● **TASK INSTRUCTIONS**: Give back an exact copy of the lines from the start of the material through the line bearing "- net EN renamed en". Include both ends and nothing else.

(INFORMATION PROVIDED Opens)

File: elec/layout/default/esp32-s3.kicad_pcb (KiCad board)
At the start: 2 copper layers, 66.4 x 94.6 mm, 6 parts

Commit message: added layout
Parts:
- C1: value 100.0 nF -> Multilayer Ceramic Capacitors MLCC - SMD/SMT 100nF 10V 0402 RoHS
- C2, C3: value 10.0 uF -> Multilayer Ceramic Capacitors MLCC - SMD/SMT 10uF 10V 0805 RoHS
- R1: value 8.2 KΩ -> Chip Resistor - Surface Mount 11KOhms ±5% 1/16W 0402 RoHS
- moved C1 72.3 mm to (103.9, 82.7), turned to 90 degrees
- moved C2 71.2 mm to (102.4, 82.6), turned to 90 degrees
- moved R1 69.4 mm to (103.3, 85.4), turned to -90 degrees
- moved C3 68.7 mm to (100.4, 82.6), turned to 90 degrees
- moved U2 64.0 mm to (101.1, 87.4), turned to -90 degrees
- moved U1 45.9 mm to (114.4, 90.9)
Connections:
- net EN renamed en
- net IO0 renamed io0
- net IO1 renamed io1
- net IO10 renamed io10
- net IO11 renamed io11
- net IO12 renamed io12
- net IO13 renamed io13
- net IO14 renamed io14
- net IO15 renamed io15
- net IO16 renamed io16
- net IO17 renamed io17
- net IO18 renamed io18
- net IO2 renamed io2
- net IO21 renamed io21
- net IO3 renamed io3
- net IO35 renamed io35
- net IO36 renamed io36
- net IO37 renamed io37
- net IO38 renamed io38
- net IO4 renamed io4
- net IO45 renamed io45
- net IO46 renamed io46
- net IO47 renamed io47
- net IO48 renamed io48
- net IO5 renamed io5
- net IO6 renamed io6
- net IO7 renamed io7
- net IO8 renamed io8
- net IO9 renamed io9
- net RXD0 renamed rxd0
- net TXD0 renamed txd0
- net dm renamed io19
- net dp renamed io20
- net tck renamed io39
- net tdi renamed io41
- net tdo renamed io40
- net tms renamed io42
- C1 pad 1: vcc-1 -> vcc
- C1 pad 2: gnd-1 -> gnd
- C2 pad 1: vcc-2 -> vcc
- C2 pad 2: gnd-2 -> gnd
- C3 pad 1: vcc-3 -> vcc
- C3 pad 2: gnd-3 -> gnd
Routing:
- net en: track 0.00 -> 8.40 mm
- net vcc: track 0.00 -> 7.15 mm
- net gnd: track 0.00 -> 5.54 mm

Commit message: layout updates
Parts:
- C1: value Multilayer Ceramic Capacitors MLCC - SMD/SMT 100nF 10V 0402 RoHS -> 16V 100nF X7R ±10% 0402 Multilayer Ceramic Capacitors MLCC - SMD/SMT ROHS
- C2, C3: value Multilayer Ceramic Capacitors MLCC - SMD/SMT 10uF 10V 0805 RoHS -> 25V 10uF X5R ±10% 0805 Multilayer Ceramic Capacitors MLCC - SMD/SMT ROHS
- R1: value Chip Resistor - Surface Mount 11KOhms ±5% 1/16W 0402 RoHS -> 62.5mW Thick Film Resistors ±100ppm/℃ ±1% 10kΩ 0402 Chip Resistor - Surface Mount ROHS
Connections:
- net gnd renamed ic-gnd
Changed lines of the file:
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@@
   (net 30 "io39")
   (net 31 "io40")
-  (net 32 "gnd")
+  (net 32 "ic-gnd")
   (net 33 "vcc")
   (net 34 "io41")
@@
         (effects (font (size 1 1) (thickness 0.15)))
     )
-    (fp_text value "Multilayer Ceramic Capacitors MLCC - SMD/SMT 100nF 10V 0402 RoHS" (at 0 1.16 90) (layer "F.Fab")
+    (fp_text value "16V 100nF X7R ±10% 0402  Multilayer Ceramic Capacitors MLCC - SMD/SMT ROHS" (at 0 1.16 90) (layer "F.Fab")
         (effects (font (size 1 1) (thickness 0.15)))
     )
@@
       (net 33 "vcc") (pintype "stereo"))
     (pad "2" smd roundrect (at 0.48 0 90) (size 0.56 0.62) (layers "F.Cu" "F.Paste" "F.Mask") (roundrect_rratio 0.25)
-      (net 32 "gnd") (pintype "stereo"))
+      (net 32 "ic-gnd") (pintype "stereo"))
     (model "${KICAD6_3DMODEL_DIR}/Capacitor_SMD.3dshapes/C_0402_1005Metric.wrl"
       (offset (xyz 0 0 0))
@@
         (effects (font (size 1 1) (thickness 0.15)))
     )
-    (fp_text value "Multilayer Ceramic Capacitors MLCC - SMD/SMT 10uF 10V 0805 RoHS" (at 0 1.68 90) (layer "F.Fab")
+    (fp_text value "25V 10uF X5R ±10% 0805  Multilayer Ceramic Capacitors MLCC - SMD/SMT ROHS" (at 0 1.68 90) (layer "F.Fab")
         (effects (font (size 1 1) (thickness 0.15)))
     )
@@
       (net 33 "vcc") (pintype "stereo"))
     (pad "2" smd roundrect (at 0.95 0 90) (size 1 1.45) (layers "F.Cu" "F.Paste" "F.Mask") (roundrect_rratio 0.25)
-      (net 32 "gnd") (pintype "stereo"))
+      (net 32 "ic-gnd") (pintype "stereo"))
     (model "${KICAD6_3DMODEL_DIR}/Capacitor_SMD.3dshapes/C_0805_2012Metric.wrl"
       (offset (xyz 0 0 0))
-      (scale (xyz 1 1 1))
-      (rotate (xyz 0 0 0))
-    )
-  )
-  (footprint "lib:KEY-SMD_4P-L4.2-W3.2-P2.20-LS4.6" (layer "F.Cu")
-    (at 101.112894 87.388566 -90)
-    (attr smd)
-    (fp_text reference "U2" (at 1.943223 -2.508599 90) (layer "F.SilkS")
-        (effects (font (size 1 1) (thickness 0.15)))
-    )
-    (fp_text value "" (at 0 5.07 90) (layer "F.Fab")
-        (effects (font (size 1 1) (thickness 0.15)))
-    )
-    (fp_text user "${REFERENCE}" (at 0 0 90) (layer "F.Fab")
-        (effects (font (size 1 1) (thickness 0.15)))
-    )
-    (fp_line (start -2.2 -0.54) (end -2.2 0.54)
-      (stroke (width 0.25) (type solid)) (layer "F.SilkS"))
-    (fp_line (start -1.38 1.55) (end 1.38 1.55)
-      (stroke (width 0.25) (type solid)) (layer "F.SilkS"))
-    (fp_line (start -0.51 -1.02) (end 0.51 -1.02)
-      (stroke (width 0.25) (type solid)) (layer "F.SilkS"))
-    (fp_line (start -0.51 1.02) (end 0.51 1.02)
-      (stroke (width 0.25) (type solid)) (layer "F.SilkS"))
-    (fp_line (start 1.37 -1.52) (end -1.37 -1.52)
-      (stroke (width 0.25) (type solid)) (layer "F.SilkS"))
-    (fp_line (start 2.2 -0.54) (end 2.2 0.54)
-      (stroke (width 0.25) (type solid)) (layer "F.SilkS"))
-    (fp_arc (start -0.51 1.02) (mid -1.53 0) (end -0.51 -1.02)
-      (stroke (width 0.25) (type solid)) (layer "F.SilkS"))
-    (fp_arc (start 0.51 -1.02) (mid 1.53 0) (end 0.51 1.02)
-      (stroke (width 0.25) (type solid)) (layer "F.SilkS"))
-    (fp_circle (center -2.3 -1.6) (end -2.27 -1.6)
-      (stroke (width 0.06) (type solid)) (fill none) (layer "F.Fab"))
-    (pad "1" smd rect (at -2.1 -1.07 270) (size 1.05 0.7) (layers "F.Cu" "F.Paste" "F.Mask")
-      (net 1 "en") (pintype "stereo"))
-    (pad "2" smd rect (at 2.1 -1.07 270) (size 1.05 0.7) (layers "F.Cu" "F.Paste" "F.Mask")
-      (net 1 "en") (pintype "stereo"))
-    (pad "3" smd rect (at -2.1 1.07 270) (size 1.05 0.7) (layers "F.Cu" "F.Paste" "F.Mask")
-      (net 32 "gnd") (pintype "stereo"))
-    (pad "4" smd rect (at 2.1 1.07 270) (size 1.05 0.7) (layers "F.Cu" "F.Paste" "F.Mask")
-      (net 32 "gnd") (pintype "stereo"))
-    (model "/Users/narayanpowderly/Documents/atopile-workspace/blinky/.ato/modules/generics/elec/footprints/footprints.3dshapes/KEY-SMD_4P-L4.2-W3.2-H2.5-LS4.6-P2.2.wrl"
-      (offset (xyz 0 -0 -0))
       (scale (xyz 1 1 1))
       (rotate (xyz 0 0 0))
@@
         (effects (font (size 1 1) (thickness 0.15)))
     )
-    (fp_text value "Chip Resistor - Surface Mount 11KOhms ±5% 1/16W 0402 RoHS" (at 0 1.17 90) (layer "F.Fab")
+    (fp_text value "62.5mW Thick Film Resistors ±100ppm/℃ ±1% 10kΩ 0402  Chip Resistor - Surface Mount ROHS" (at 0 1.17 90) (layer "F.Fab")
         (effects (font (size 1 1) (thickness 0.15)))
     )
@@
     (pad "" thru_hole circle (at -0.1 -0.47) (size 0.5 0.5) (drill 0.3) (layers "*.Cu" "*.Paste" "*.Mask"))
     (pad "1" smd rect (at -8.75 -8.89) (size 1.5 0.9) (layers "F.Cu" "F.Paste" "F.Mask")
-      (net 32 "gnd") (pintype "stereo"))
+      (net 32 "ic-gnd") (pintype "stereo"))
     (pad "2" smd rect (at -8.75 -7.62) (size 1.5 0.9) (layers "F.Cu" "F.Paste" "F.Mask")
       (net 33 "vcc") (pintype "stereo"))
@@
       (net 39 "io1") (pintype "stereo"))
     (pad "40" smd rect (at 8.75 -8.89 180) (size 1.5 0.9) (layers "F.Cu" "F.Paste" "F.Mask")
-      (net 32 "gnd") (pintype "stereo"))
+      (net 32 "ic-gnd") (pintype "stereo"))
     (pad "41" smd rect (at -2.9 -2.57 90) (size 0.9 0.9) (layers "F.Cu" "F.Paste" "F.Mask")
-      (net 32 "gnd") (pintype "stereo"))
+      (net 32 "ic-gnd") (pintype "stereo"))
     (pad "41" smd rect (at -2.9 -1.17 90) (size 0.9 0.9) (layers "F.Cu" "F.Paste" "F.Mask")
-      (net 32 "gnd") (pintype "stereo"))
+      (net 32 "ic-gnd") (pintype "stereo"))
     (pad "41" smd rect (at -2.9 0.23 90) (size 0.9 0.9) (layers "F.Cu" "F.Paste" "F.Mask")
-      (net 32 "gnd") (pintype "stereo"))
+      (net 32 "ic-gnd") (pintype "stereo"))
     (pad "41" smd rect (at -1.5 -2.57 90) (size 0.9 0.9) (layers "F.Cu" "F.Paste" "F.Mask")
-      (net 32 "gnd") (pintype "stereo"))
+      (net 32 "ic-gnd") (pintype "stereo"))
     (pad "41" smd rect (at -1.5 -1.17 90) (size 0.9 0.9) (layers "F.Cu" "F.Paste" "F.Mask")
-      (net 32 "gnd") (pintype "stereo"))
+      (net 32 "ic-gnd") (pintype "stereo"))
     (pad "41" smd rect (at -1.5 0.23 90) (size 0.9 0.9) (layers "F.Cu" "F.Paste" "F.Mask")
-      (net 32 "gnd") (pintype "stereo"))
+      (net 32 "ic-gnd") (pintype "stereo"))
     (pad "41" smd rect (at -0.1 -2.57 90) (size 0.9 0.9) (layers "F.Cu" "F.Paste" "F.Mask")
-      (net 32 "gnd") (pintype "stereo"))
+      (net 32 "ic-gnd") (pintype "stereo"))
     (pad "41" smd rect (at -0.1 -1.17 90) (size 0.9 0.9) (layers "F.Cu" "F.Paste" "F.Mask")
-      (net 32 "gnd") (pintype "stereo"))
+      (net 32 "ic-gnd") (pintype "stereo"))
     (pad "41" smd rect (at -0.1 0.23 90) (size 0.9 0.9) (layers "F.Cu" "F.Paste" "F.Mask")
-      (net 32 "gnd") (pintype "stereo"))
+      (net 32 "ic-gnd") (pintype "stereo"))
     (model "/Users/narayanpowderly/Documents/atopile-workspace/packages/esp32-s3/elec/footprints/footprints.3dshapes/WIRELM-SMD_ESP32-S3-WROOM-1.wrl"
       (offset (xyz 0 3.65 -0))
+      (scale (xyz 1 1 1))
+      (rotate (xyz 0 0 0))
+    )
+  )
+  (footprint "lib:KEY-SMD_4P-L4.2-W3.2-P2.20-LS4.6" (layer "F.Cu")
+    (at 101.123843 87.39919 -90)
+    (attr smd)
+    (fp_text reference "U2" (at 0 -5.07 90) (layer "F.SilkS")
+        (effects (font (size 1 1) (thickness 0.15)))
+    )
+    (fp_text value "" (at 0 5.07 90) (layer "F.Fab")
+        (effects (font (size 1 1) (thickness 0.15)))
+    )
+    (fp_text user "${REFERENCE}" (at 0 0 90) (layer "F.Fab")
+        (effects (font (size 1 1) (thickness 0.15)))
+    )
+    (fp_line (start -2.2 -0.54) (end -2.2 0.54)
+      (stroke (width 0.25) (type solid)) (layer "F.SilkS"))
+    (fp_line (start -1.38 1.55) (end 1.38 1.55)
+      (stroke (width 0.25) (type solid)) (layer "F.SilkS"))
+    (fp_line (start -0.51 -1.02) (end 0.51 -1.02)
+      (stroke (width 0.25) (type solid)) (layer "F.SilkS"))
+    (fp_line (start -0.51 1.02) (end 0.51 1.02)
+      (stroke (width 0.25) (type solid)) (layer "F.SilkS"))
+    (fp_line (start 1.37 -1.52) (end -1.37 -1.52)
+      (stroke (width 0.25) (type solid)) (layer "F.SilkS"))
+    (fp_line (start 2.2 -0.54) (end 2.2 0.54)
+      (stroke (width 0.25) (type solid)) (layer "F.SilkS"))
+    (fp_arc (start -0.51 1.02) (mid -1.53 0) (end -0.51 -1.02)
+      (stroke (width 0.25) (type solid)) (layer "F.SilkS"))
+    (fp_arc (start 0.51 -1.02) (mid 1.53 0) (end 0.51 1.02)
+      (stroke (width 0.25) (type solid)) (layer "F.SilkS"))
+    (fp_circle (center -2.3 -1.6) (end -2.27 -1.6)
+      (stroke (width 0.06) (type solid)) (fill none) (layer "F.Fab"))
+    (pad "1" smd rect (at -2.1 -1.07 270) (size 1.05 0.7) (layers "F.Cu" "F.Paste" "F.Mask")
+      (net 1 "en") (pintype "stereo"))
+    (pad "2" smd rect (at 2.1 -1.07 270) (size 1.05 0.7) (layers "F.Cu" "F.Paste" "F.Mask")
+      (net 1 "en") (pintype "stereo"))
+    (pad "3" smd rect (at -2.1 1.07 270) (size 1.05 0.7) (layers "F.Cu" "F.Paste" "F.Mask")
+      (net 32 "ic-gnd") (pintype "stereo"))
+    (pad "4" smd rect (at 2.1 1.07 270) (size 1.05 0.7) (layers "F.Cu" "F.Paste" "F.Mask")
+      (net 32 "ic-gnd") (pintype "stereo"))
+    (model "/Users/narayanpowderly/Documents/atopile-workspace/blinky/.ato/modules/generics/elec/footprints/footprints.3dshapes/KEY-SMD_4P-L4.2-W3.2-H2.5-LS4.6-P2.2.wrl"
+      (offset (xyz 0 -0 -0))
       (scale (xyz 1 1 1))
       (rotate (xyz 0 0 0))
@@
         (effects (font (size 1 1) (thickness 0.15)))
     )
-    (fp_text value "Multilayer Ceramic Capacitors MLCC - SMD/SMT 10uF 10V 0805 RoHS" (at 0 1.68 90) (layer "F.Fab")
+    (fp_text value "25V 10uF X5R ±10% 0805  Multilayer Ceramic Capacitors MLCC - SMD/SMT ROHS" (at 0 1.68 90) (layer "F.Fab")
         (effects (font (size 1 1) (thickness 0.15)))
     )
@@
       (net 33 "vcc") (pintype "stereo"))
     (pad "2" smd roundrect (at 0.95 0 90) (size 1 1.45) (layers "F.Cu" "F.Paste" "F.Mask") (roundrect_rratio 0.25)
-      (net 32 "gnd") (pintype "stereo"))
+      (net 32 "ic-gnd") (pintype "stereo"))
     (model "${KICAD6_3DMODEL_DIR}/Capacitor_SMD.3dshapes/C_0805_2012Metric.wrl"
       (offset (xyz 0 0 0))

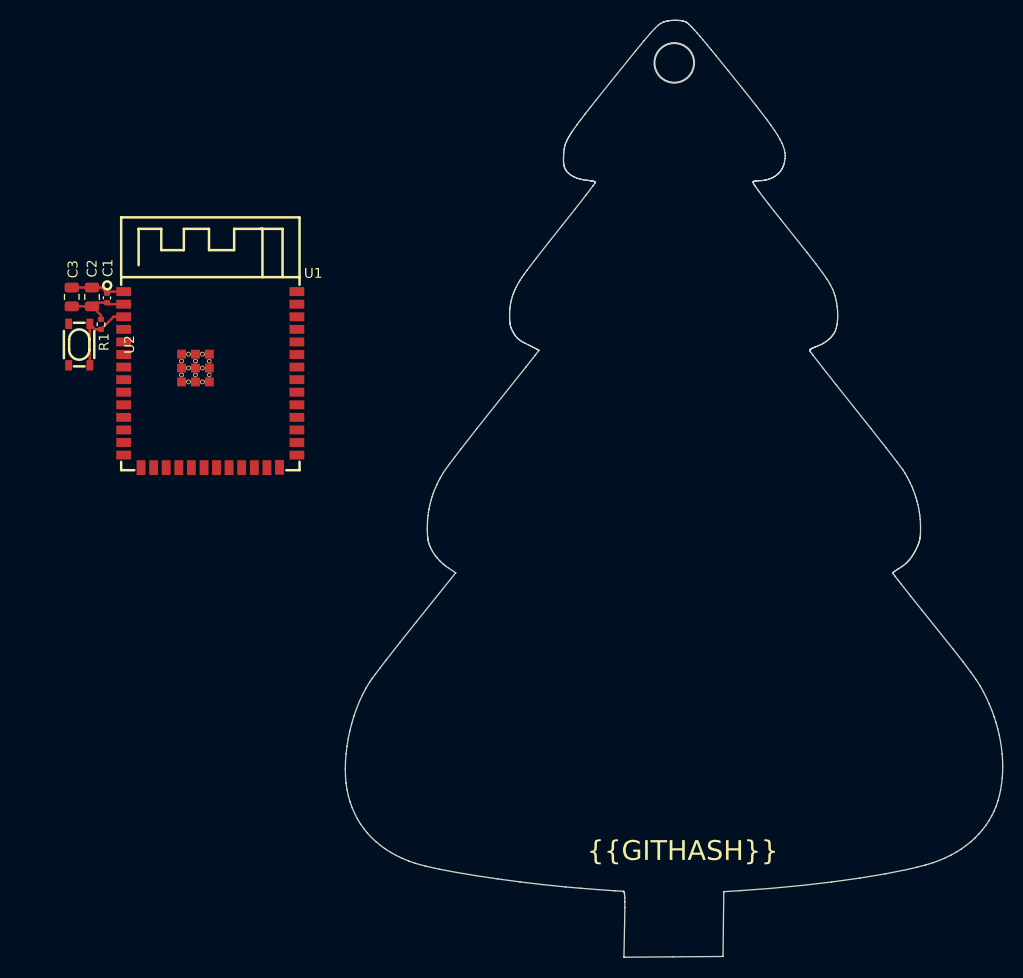
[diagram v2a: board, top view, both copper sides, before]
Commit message: Remove xmas tree from layout
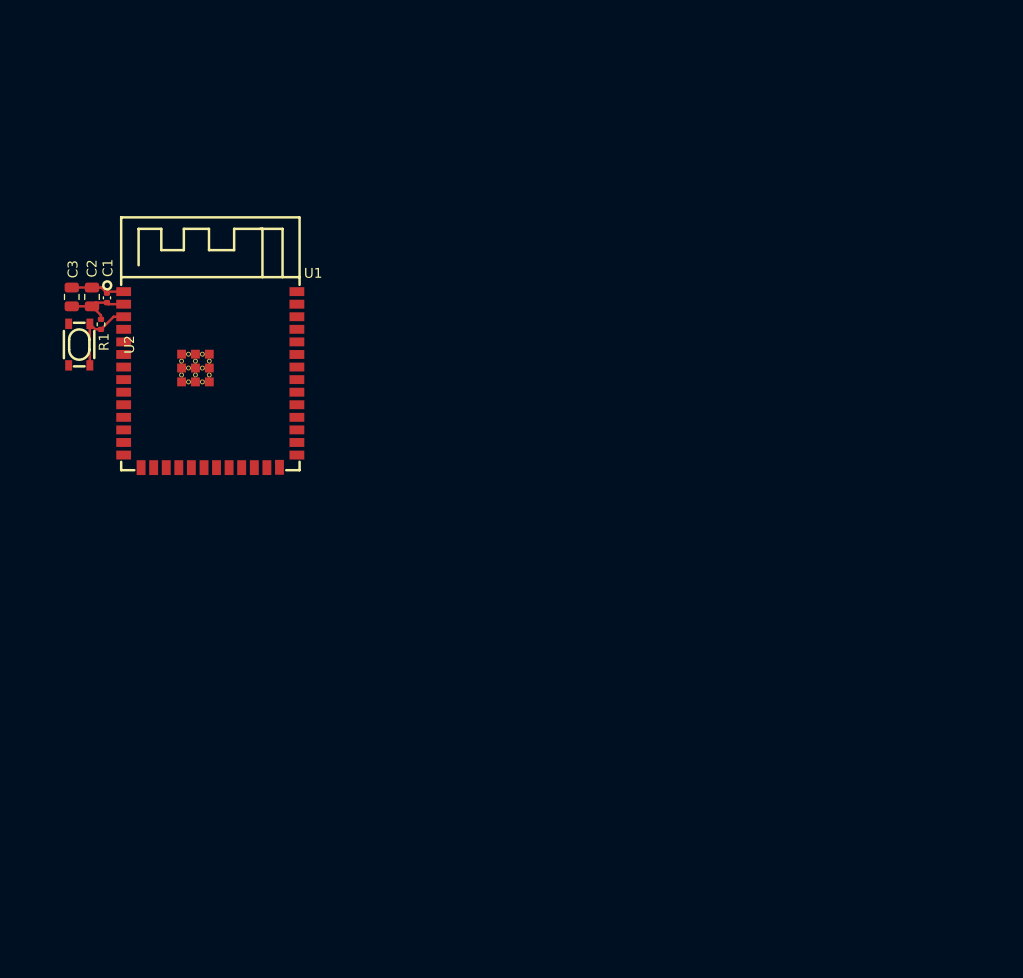
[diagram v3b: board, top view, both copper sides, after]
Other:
- board outline removed
- board text removed: "{{GITHASH}}"

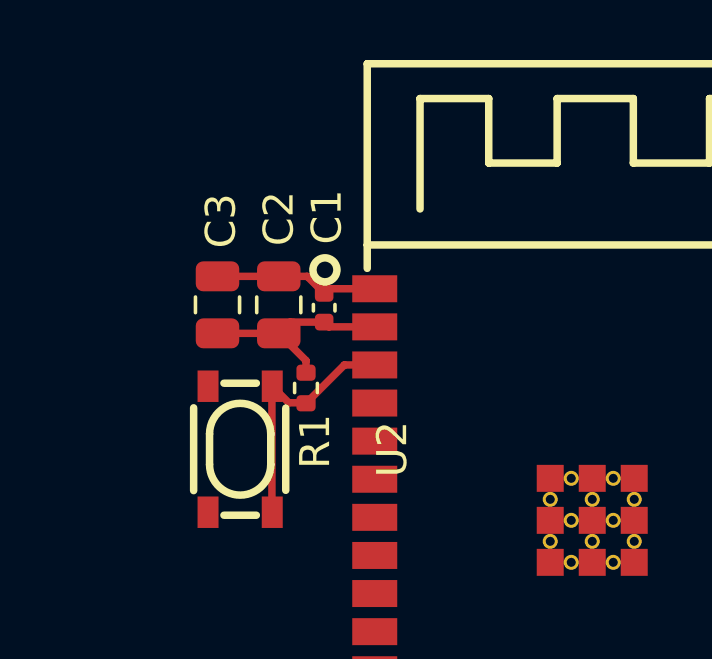
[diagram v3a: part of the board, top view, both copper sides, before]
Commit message: run build with 0.3 compiler
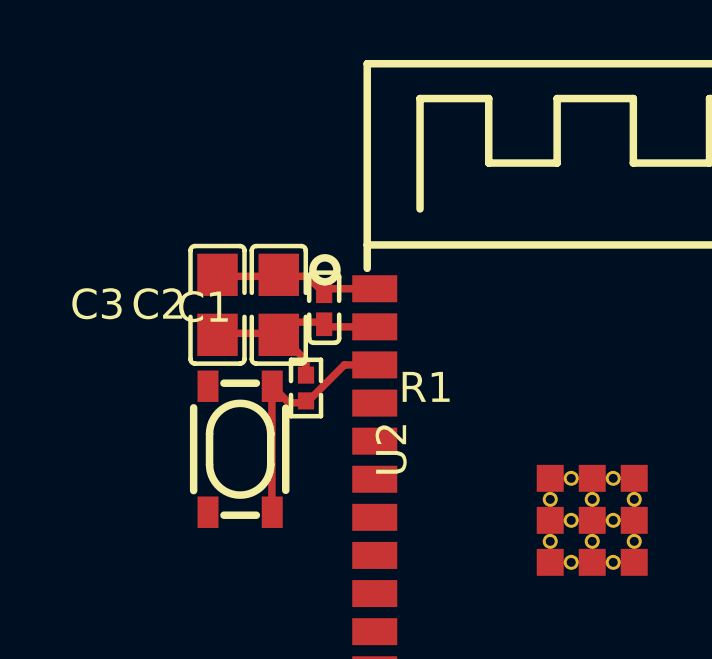
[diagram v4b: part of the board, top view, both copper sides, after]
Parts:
- C1: value 16V 100nF X7R ±10% 0402 Multilayer Ceramic Capacitors MLCC - SMD/SMT ROHS -> 100nF ±10% 16V X7R; footprint lib:C0402 -> atopile:C0402-b3ef17
- C2, C3: value 25V 10uF X5R ±10% 0805 Multilayer Ceramic Capacitors MLCC - SMD/SMT ROHS -> 10µF ±10% 25V X5R; footprint lib:C0805 -> atopile:C0805-3b2e55
- R1: value 62.5mW Thick Film Resistors ±100ppm/℃ ±1% 10kΩ 0402 Chip Resistor - Surface Mount ROHS -> 10kΩ ±1% 62.5mW; footprint lib:R0402 -> atopile:R0402-56259e
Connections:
- net en renamed in
- net ic-gnd renamed gnd
- net io10 renamed cs
- net io11 renamed mosi
- net io12 renamed sck
- net io13 renamed miso
- net io19 renamed dm
- net io20 renamed dp
- net io39 renamed tck
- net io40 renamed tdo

(INFORMATION PROVIDED Closes)

● **TASK ANSWER**:
File: elec/layout/default/esp32-s3.kicad_pcb (KiCad board)
At the start: 2 copper layers, 66.4 x 94.6 mm, 6 parts

Commit message: added layout
Parts:
- C1: value 100.0 nF -> Multilayer Ceramic Capacitors MLCC - SMD/SMT 100nF 10V 0402 RoHS
- C2, C3: value 10.0 uF -> Multilayer Ceramic Capacitors MLCC - SMD/SMT 10uF 10V 0805 RoHS
- R1: value 8.2 KΩ -> Chip Resistor - Surface Mount 11KOhms ±5% 1/16W 0402 RoHS
- moved C1 72.3 mm to (103.9, 82.7), turned to 90 degrees
- moved C2 71.2 mm to (102.4, 82.6), turned to 90 degrees
- moved R1 69.4 mm to (103.3, 85.4), turned to -90 degrees
- moved C3 68.7 mm to (100.4, 82.6), turned to 90 degrees
- moved U2 64.0 mm to (101.1, 87.4), turned to -90 degrees
- moved U1 45.9 mm to (114.4, 90.9)
Connections:
- net EN renamed en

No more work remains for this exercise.